Documentary Review: Ordinary Men (dir by Manfred Oldenburg and Oliver Halmburger)


In 1942, Hamburg’s Reserve Police Battalion 101 was sent to Poland.  This was not the first time that the battalion was sent to Poland and it would not be the last.  Under the command of Col. Wilhelm Trapp, Reserve Police Battalion 101 was made up of 500 men who were in their 30s and were considered to be too old to serve in the regular army.  Though they were officially assigned to the patrol the streets and keep order in the territories that had recently surrendered to Nazi Germany, their actual assignment was to round up Polish Jews and either send them to the concentration camps or to personally execute them via firing squad.

After the war ended and many (but not all) of the leaders and members of the battalion were put on trial for war crimes, it was noted that the majority of the men in the battalion were well-educated.  Before they had joined the battalion, many of them worked in office jobs and few of them had publicly expressed any anti-Semitic opinions.  Quite a few members of the battalion had families at home.  One of officers actually got married shortly before being sent back to Poland and he even brought his wife along with him so that they could have a working honeymoon.  Only a few members of the battalion were members of the Nazi Party and many had joined simply because being a part of the police meant that they wouldn’t have to go to the front lines.

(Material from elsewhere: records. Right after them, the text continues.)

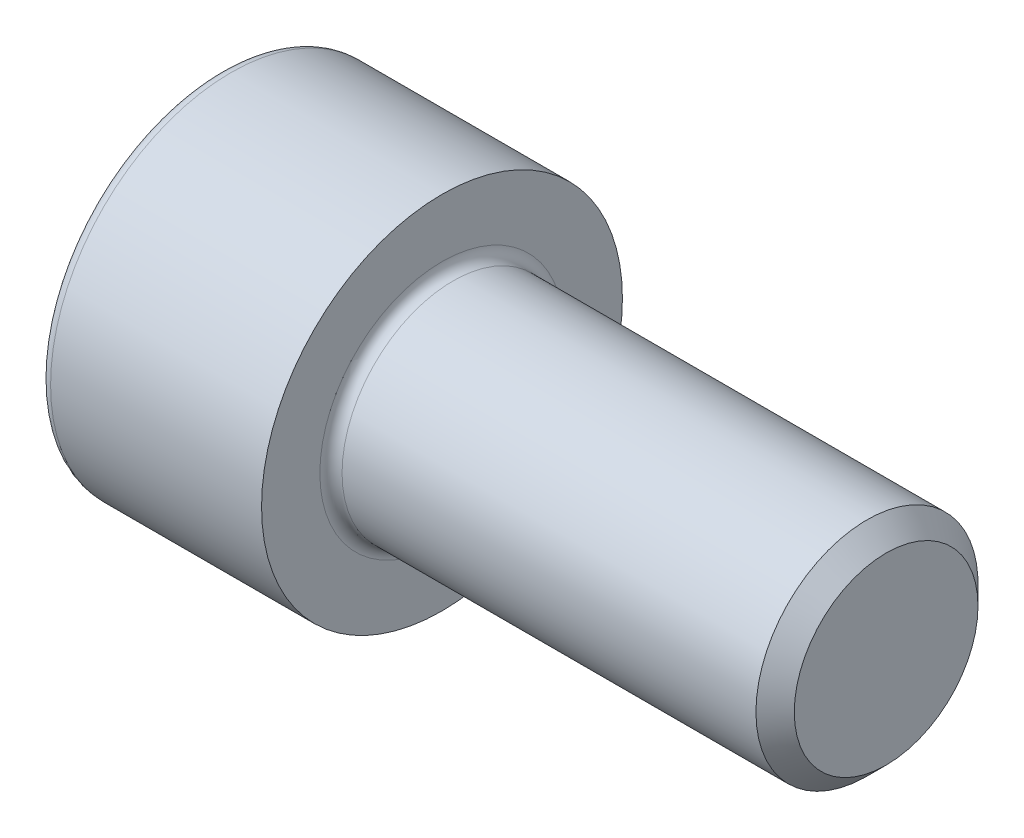
ISO-10303-21;
HEADER;
FILE_DESCRIPTION(('STEP AP214'),'2;1');
FILE_NAME('part.step','',(''),(''),'','','');
FILE_SCHEMA(('AUTOMOTIVE_DESIGN { 1 0 10303 214 1 1 1 1 }'));
ENDSEC;
DATA;
#1=APPLICATION_CONTEXT('core data for automotive mechanical design processes');
#2=APPLICATION_PROTOCOL_DEFINITION('international standard','automotive_design',2000,#1);
#3=PRODUCT_CONTEXT('',#1,'mechanical');
#4=PRODUCT('Part','Part','',(#3));
#5=PRODUCT_RELATED_PRODUCT_CATEGORY('part','',(#4));
#6=PRODUCT_DEFINITION_FORMATION('','',#4);
#7=PRODUCT_DEFINITION_CONTEXT('part definition',#1,'design');
#8=PRODUCT_DEFINITION('design','',#6,#7);
#9=PRODUCT_DEFINITION_SHAPE('','',#8);
#10=(LENGTH_UNIT() NAMED_UNIT(*) SI_UNIT(.MILLI.,.METRE.));
#11=(NAMED_UNIT(*) PLANE_ANGLE_UNIT() SI_UNIT($,.RADIAN.));
#12=(NAMED_UNIT(*) SI_UNIT($,.STERADIAN.) SOLID_ANGLE_UNIT());
#13=UNCERTAINTY_MEASURE_WITH_UNIT(LENGTH_MEASURE(1.E-05),#10,'distance_accuracy_value','');
#14=(GEOMETRIC_REPRESENTATION_CONTEXT(3) GLOBAL_UNCERTAINTY_ASSIGNED_CONTEXT((#13)) GLOBAL_UNIT_ASSIGNED_CONTEXT((#10,
#11,#12)) REPRESENTATION_CONTEXT('',''));
#15=CARTESIAN_POINT('',(0.,0.,0.));
#16=DIRECTION('',(0.,0.,1.));
#17=DIRECTION('',(1.,0.,0.));
#18=AXIS2_PLACEMENT_3D('',#15,#16,#17);
#19=CARTESIAN_POINT('',(0.,0.,0.));
#20=DIRECTION('',(-1.,0.,0.));
#21=DIRECTION('',(0.,0.,1.));
#22=AXIS2_PLACEMENT_3D('',#19,#20,#21);
#23=PLANE('',#22);
#24=DIRECTION('',(0.,-0.5,0.866025403784439));
#25=VECTOR('',#24,1.);
#26=CARTESIAN_POINT('',(0.,3.51894989071077,0.));
#27=LINE('',#26,#25);
#28=CARTESIAN_POINT('',(0.,3.51894989071077,0.));
#29=VERTEX_POINT('',#28);
#30=CARTESIAN_POINT('',(0.,1.75947494535539,3.0475));
#31=VERTEX_POINT('',#30);
#32=EDGE_CURVE('E262',#29,#31,#27,.T.);
#33=ORIENTED_EDGE('',*,*,#32,.T.);
#34=DIRECTION('',(0.,1.,0.));
#35=VECTOR('',#34,1.);
#36=CARTESIAN_POINT('',(0.,-1.75947494535538,3.0475));
#37=LINE('',#36,#35);
#38=CARTESIAN_POINT('',(0.,-1.75947494535538,3.0475));
#39=VERTEX_POINT('',#38);
#40=EDGE_CURVE('E134',#39,#31,#37,.T.);
#41=ORIENTED_EDGE('',*,*,#40,.F.);
#42=DIRECTION('',(0.,-0.500000000000001,-0.866025403784438));
#43=VECTOR('',#42,1.);
#44=CARTESIAN_POINT('',(0.,-1.75947494535538,3.0475));
#45=LINE('',#44,#43);
#46=CARTESIAN_POINT('',(0.,-3.51894989071077,0.));
#47=VERTEX_POINT('',#46);
#48=EDGE_CURVE('E265',#39,#47,#45,.T.);
#49=ORIENTED_EDGE('',*,*,#48,.T.);
#50=DIRECTION('',(0.,0.5,-0.866025403784439));
#51=VECTOR('',#50,1.);
#52=CARTESIAN_POINT('',(0.,-3.51894989071077,0.));
#53=LINE('',#52,#51);
#54=CARTESIAN_POINT('',(0.,-1.75947494535539,-3.0475));
#55=VERTEX_POINT('',#54);
#56=EDGE_CURVE('E268',#47,#55,#53,.T.);
#57=ORIENTED_EDGE('',*,*,#56,.T.);
#58=DIRECTION('',(0.,-1.,0.));
#59=VECTOR('',#58,1.);
#60=CARTESIAN_POINT('',(0.,1.75947494535538,-3.0475));
#61=LINE('',#60,#59);
#62=CARTESIAN_POINT('',(0.,1.75947494535538,-3.0475));
#63=VERTEX_POINT('',#62);
#64=EDGE_CURVE('E271',#63,#55,#61,.T.);
#65=ORIENTED_EDGE('',*,*,#64,.F.);
#66=DIRECTION('',(0.,-0.500000000000001,-0.866025403784438));
#67=VECTOR('',#66,1.);
#68=CARTESIAN_POINT('',(0.,3.51894989071077,0.));
#69=LINE('',#68,#67);
#70=EDGE_CURVE('E129',#29,#63,#69,.T.);
#71=ORIENTED_EDGE('',*,*,#70,.F.);
#72=EDGE_LOOP('',(#33,#41,#49,#57,#65,#71));
#73=FACE_BOUND('',#72,.T.);
#74=CARTESIAN_POINT('',(0.,0.,0.));
#75=DIRECTION('',(-1.,0.,0.));
#76=DIRECTION('',(0.,0.,1.));
#77=AXIS2_PLACEMENT_3D('',#74,#75,#76);
#78=CIRCLE('',#77,6.1);
#79=CARTESIAN_POINT('',(0.,0.,6.1));
#80=VERTEX_POINT('',#79);
#81=EDGE_CURVE('E46',#80,#80,#78,.T.);
#82=ORIENTED_EDGE('',*,*,#81,.T.);
#83=EDGE_LOOP('',(#82));
#84=FACE_BOUND('',#83,.T.);
#85=ADVANCED_FACE('F38',(#73,#84),#23,.T.);
#86=CARTESIAN_POINT('',(-31.75,0.,0.));
#87=DIRECTION('',(-1.,0.,0.));
#88=DIRECTION('',(0.,0.,1.));
#89=AXIS2_PLACEMENT_3D('',#86,#87,#88);
#90=CYLINDRICAL_SURFACE('',#89,6.5);
#91=CARTESIAN_POINT('',(0.399999999999998,0.,0.));
#92=DIRECTION('',(-1.,0.,0.));
#93=DIRECTION('',(0.,0.,1.));
#94=AXIS2_PLACEMENT_3D('',#91,#92,#93);
#95=CIRCLE('',#94,6.5);
#96=CARTESIAN_POINT('',(0.399999999999998,0.,6.5));
#97=VERTEX_POINT('',#96);
#98=EDGE_CURVE('E11',#97,#97,#95,.F.);
#99=ORIENTED_EDGE('',*,*,#98,.T.);
#100=EDGE_LOOP('',(#99));
#101=FACE_BOUND('',#100,.T.);
#102=CARTESIAN_POINT('',(8.,0.,0.));
#103=DIRECTION('',(-1.,0.,0.));
#104=DIRECTION('',(0.,0.,1.));
#105=AXIS2_PLACEMENT_3D('',#102,#103,#104);
#106=CIRCLE('',#105,6.5);
#107=CARTESIAN_POINT('',(8.,0.,6.5));
#108=VERTEX_POINT('',#107);
#109=EDGE_CURVE('E152',#108,#108,#106,.T.);
#110=ORIENTED_EDGE('',*,*,#109,.T.);
#111=EDGE_LOOP('',(#110));
#112=FACE_BOUND('',#111,.T.);
#113=ADVANCED_FACE('F176',(#101,#112),#90,.T.);
#114=CARTESIAN_POINT('',(8.,6.5,0.));
#115=DIRECTION('',(1.,0.,0.));
#116=DIRECTION('',(0.,0.,-1.));
#117=AXIS2_PLACEMENT_3D('',#114,#115,#116);
#118=PLANE('',#117);
#119=CARTESIAN_POINT('',(8.,0.,0.));
#120=DIRECTION('',(1.,0.,0.));
#121=DIRECTION('',(0.,0.,-1.));
#122=AXIS2_PLACEMENT_3D('',#119,#120,#121);
#123=CIRCLE('',#122,4.4);
#124=CARTESIAN_POINT('',(8.,0.,-4.4));
#125=VERTEX_POINT('',#124);
#126=EDGE_CURVE('E155',#125,#125,#123,.F.);
#127=ORIENTED_EDGE('',*,*,#126,.T.);
#128=EDGE_LOOP('',(#127));
#129=FACE_BOUND('',#128,.T.);
#130=ORIENTED_EDGE('',*,*,#109,.F.);
#131=EDGE_LOOP('',(#130));
#132=FACE_BOUND('',#131,.T.);
#133=ADVANCED_FACE('F182',(#129,#132),#118,.T.);
#134=CARTESIAN_POINT('',(-31.75,0.,0.));
#135=DIRECTION('',(-1.,0.,0.));
#136=DIRECTION('',(0.,0.,1.));
#137=AXIS2_PLACEMENT_3D('',#134,#135,#136);
#138=CYLINDRICAL_SURFACE('',#137,4.);
#139=CARTESIAN_POINT('',(8.4,0.,0.));
#140=DIRECTION('',(1.,0.,0.));
#141=DIRECTION('',(0.,0.,-1.));
#142=AXIS2_PLACEMENT_3D('',#139,#140,#141);
#143=CIRCLE('',#142,4.);
#144=CARTESIAN_POINT('',(8.4,0.,-4.));
#145=VERTEX_POINT('',#144);
#146=EDGE_CURVE('E158',#145,#145,#143,.T.);
#147=ORIENTED_EDGE('',*,*,#146,.T.);
#148=EDGE_LOOP('',(#147));
#149=FACE_BOUND('',#148,.T.);
#150=CARTESIAN_POINT('',(23.3095,0.,0.));
#151=DIRECTION('',(-1.,0.,0.));
#152=DIRECTION('',(0.,0.,1.));
#153=AXIS2_PLACEMENT_3D('',#150,#151,#152);
#154=CIRCLE('',#153,4.);
#155=CARTESIAN_POINT('',(23.3095,0.,4.));
#156=VERTEX_POINT('',#155);
#157=EDGE_CURVE('E149',#156,#156,#154,.T.);
#158=ORIENTED_EDGE('',*,*,#157,.T.);
#159=EDGE_LOOP('',(#158));
#160=FACE_BOUND('',#159,.T.);
#161=ADVANCED_FACE('F188',(#149,#160),#138,.T.);
#162=CARTESIAN_POINT('',(24.,0.,0.));
#163=DIRECTION('',(-1.,0.,0.));
#164=DIRECTION('',(0.,0.,1.));
#165=AXIS2_PLACEMENT_3D('',#162,#163,#164);
#166=CONICAL_SURFACE('',#165,3.3095,0.785398163397466);
#167=ORIENTED_EDGE('',*,*,#157,.F.);
#168=EDGE_LOOP('',(#167));
#169=FACE_BOUND('',#168,.T.);
#170=CARTESIAN_POINT('',(24.,0.,0.));
#171=DIRECTION('',(-1.,0.,0.));
#172=DIRECTION('',(0.,0.,1.));
#173=AXIS2_PLACEMENT_3D('',#170,#171,#172);
#174=CIRCLE('',#173,3.3095);
#175=CARTESIAN_POINT('',(24.,0.,3.3095));
#176=VERTEX_POINT('',#175);
#177=EDGE_CURVE('E145',#176,#176,#174,.T.);
#178=ORIENTED_EDGE('',*,*,#177,.T.);
#179=EDGE_LOOP('',(#178));
#180=FACE_BOUND('',#179,.T.);
#181=ADVANCED_FACE('F192',(#169,#180),#166,.T.);
#182=CARTESIAN_POINT('',(24.,3.3095,0.));
#183=DIRECTION('',(1.,0.,0.));
#184=DIRECTION('',(0.,0.,-1.));
#185=AXIS2_PLACEMENT_3D('',#182,#183,#184);
#186=PLANE('',#185);
#187=ORIENTED_EDGE('',*,*,#177,.F.);
#188=EDGE_LOOP('',(#187));
#189=FACE_BOUND('',#188,.T.);
#190=ADVANCED_FACE('F172',(#189),#186,.T.);
#191=CARTESIAN_POINT('',(8.4,0.,0.));
#192=DIRECTION('',(1.,0.,0.));
#193=DIRECTION('',(0.,0.,-1.));
#194=AXIS2_PLACEMENT_3D('',#191,#192,#193);
#195=TOROIDAL_SURFACE('',#194,4.4,0.4);
#196=ORIENTED_EDGE('',*,*,#146,.F.);
#197=EDGE_LOOP('',(#196));
#198=FACE_BOUND('',#197,.T.);
#199=ORIENTED_EDGE('',*,*,#126,.F.);
#200=EDGE_LOOP('',(#199));
#201=FACE_BOUND('',#200,.T.);
#202=ADVANCED_FACE('F165',(#198,#201),#195,.F.);
#203=CARTESIAN_POINT('',(0.399999999999998,0.,0.));
#204=DIRECTION('',(-1.,0.,0.));
#205=DIRECTION('',(0.,0.,1.));
#206=AXIS2_PLACEMENT_3D('',#203,#204,#205);
#207=TOROIDAL_SURFACE('',#206,6.1,0.4);
#208=ORIENTED_EDGE('',*,*,#98,.F.);
#209=EDGE_LOOP('',(#208));
#210=FACE_BOUND('',#209,.T.);
#211=ORIENTED_EDGE('',*,*,#81,.F.);
#212=EDGE_LOOP('',(#211));
#213=FACE_BOUND('',#212,.T.);
#214=ADVANCED_FACE('F40',(#210,#213),#207,.T.);
#215=CARTESIAN_POINT('',(4.,3.51894989071077,0.));
#216=DIRECTION('',(0.,-0.866025403784439,-0.5));
#217=DIRECTION('',(0.,0.5,-0.866025403784439));
#218=AXIS2_PLACEMENT_3D('',#215,#216,#217);
#219=PLANE('',#218);
#220=ORIENTED_EDGE('',*,*,#32,.F.);
#221=DIRECTION('',(-1.,0.,0.));
#222=VECTOR('',#221,1.);
#223=CARTESIAN_POINT('',(4.,3.51894989071077,0.));
#224=LINE('',#223,#222);
#225=CARTESIAN_POINT('',(4.,3.51894989071077,0.));
#226=VERTEX_POINT('',#225);
#227=EDGE_CURVE('E252',#226,#29,#224,.T.);
#228=ORIENTED_EDGE('',*,*,#227,.F.);
#229=DIRECTION('',(0.,-0.5,0.866025403784439));
#230=VECTOR('',#229,1.);
#231=CARTESIAN_POINT('',(4.,3.51894989071077,0.));
#232=LINE('',#231,#230);
#233=CARTESIAN_POINT('',(4.,2.63921241803308,1.52375));
#234=VERTEX_POINT('',#233);
#235=EDGE_CURVE('E121',#226,#234,#232,.T.);
#236=ORIENTED_EDGE('',*,*,#235,.T.);
#237=CARTESIAN_POINT('',(4.,1.75947494535539,3.0475));
#238=VERTEX_POINT('',#237);
#239=EDGE_CURVE('E112',#234,#238,#232,.T.);
#240=ORIENTED_EDGE('',*,*,#239,.T.);
#241=DIRECTION('',(-1.,0.,0.));
#242=VECTOR('',#241,1.);
#243=CARTESIAN_POINT('',(4.,1.75947494535539,3.0475));
#244=LINE('',#243,#242);
#245=EDGE_CURVE('E126',#238,#31,#244,.T.);
#246=ORIENTED_EDGE('',*,*,#245,.T.);
#247=EDGE_LOOP('',(#220,#228,#236,#240,#246));
#248=FACE_BOUND('',#247,.T.);
#249=ADVANCED_FACE('F125',(#248),#219,.T.);
#250=CARTESIAN_POINT('',(4.,-1.75947494535538,3.0475));
#251=DIRECTION('',(0.,0.,1.));
#252=DIRECTION('',(0.,-1.,0.));
#253=AXIS2_PLACEMENT_3D('',#250,#251,#252);
#254=PLANE('',#253);
#255=ORIENTED_EDGE('',*,*,#40,.T.);
#256=ORIENTED_EDGE('',*,*,#245,.F.);
#257=DIRECTION('',(0.,1.,0.));
#258=VECTOR('',#257,1.);
#259=CARTESIAN_POINT('',(4.,-1.75947494535538,3.0475));
#260=LINE('',#259,#258);
#261=CARTESIAN_POINT('',(4.,0.,3.0475));
#262=VERTEX_POINT('',#261);
#263=EDGE_CURVE('E109',#262,#238,#260,.T.);
#264=ORIENTED_EDGE('',*,*,#263,.F.);
#265=CARTESIAN_POINT('',(4.,-1.75947494535538,3.0475));
#266=VERTEX_POINT('',#265);
#267=EDGE_CURVE('E120',#266,#262,#260,.T.);
#268=ORIENTED_EDGE('',*,*,#267,.F.);
#269=DIRECTION('',(-1.,0.,0.));
#270=VECTOR('',#269,1.);
#271=CARTESIAN_POINT('',(4.,-1.75947494535538,3.0475));
#272=LINE('',#271,#270);
#273=EDGE_CURVE('E136',#266,#39,#272,.T.);
#274=ORIENTED_EDGE('',*,*,#273,.T.);
#275=EDGE_LOOP('',(#255,#256,#264,#268,#274));
#276=FACE_BOUND('',#275,.T.);
#277=ADVANCED_FACE('F131',(#276),#254,.F.);
#278=CARTESIAN_POINT('',(4.,-1.75947494535538,3.0475));
#279=DIRECTION('',(0.,0.866025403784438,-0.500000000000001));
#280=DIRECTION('',(0.,0.500000000000001,0.866025403784438));
#281=AXIS2_PLACEMENT_3D('',#278,#279,#280);
#282=PLANE('',#281);
#283=ORIENTED_EDGE('',*,*,#48,.F.);
#284=ORIENTED_EDGE('',*,*,#273,.F.);
#285=DIRECTION('',(0.,-0.500000000000001,-0.866025403784438));
#286=VECTOR('',#285,1.);
#287=CARTESIAN_POINT('',(4.,-1.75947494535538,3.0475));
#288=LINE('',#287,#286);
#289=CARTESIAN_POINT('',(4.,-2.63921241803308,1.52375));
#290=VERTEX_POINT('',#289);
#291=EDGE_CURVE('E291',#266,#290,#288,.T.);
#292=ORIENTED_EDGE('',*,*,#291,.T.);
#293=CARTESIAN_POINT('',(4.,-3.51894989071077,0.));
#294=VERTEX_POINT('',#293);
#295=EDGE_CURVE('E280',#290,#294,#288,.T.);
#296=ORIENTED_EDGE('',*,*,#295,.T.);
#297=DIRECTION('',(-1.,0.,0.));
#298=VECTOR('',#297,1.);
#299=CARTESIAN_POINT('',(4.,-3.51894989071077,0.));
#300=LINE('',#299,#298);
#301=EDGE_CURVE('E141',#294,#47,#300,.T.);
#302=ORIENTED_EDGE('',*,*,#301,.T.);
#303=EDGE_LOOP('',(#283,#284,#292,#296,#302));
#304=FACE_BOUND('',#303,.T.);
#305=ADVANCED_FACE('F206',(#304),#282,.T.);
#306=CARTESIAN_POINT('',(4.,-3.51894989071077,0.));
#307=DIRECTION('',(0.,0.866025403784439,0.5));
#308=DIRECTION('',(0.,-0.5,0.866025403784439));
#309=AXIS2_PLACEMENT_3D('',#306,#307,#308);
#310=PLANE('',#309);
#311=ORIENTED_EDGE('',*,*,#56,.F.);
#312=ORIENTED_EDGE('',*,*,#301,.F.);
#313=DIRECTION('',(0.,0.5,-0.866025403784439));
#314=VECTOR('',#313,1.);
#315=CARTESIAN_POINT('',(4.,-3.51894989071077,0.));
#316=LINE('',#315,#314);
#317=CARTESIAN_POINT('',(4.,-2.63921241803308,-1.52375));
#318=VERTEX_POINT('',#317);
#319=EDGE_CURVE('E258',#294,#318,#316,.T.);
#320=ORIENTED_EDGE('',*,*,#319,.T.);
#321=CARTESIAN_POINT('',(4.,-1.75947494535539,-3.0475));
#322=VERTEX_POINT('',#321);
#323=EDGE_CURVE('E290',#318,#322,#316,.T.);
#324=ORIENTED_EDGE('',*,*,#323,.T.);
#325=DIRECTION('',(-1.,0.,0.));
#326=VECTOR('',#325,1.);
#327=CARTESIAN_POINT('',(4.,-1.75947494535539,-3.0475));
#328=LINE('',#327,#326);
#329=EDGE_CURVE('E251',#322,#55,#328,.T.);
#330=ORIENTED_EDGE('',*,*,#329,.T.);
#331=EDGE_LOOP('',(#311,#312,#320,#324,#330));
#332=FACE_BOUND('',#331,.T.);
#333=ADVANCED_FACE('F209',(#332),#310,.T.);
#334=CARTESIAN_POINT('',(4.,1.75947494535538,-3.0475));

Perhaps the most shocking thing that was discovered was that, before the first massacre was carried out by the battalion, Wilhelm Trapp called the men together and informed them of what their orders were.  Reportedly, he had tears streaming down his face as he told the men what they had been told to do.  He announced that any man who did not want to take part in the mass killing would not be force to nor would he be punished for refusing to do so.  Essentially, Trapp told the men that they could disobey the orders if they chose to do so and that the men who did follow the orders would essentially be volunteering to do so.  One man stepped to the side and, when another officer started to yell at him, Trapp ordered the officer to stop.  Eventually, 12 of the 500 members of the battalion would decline to take part.  The rest of the battalion, including Trapp, followed orders and gunned down 1,500 Jews from the Józefów ghetto.  The men who refused to take part were not punished, beyond the casual insults of the other members of the battalion.  That these men were allowed to continue to serve without being executed, demoted, or otherwise penalized exposed as a lie one of the major defenses offered up by Nazi war criminals, that they had no choice but to follow orders.  In the end, Reserve Police Battalion 101 is estimated to have been responsible for the death of 83,000 Jews.

Wilhelm Trapp and his superior, Otto Ohlendorf, were executed after the trial.  Trapp expressed remorse even during the war but he never refused to carry out his orders.  Ohlendorf never expressed a moment of sadness, saying that he had done everything for Germany.  Many of the other members of the battalion returned to their “normal” lives after the war, returning to the office or continuing to work as cops.  In 1964, several of them were put on trial for war crimes but only 5 were convicted and the longest sentence handed out was for eight years..

The German documentary, Ordinary Men, presents a sobering look at the men and the crimes of Reserve Police Battalion 101.  It asks a question for which there is no easy answer.  If 12 members of the battalion were willing to refuse to take part in the massacres, why couldn’t the rest of them?  The members of the battalion who took part in the firing squads reported suffering from nightmares and depression afterward, leading to the officers holding frequent parties in an attempt to keep everyone’s spirts up.  But if the killings were so traumatic to the men, why did they continue to participate in them even though they had the option to opt out?  Was it peer pressure?  Was it a misplaced sense of nationalism?  Was it a fanatical hatred of the Jews?  Or were some of the men just sociopaths looking for an excuse to kill?  Ordinary Men suggests that all of these things were factors, just as it also suggests that, for many of the men, the massacres just became a part of the job.  The documentary suggests that the battalion split into three groups.  There was the group that loved their work.  There was the group who followed orders but tried not to think about what they had done afterwards.  And then there were those who opted out and who, at worst, were given latrine duty as a result.  And yet even those who opted out did not chose to desert the battalion nor did they reportedly try to save anyone from being executed.  They refused to take part but they also didn’t do anything to stop it.

Narrated by Brian Cox and featuring interviews with historians and actual historical footage of the members of the battalion, Ordinary Men is a look at the nature of evil and also an important documentation of what human beings are capable of doing to each other.  It’s certainly more than relevant today.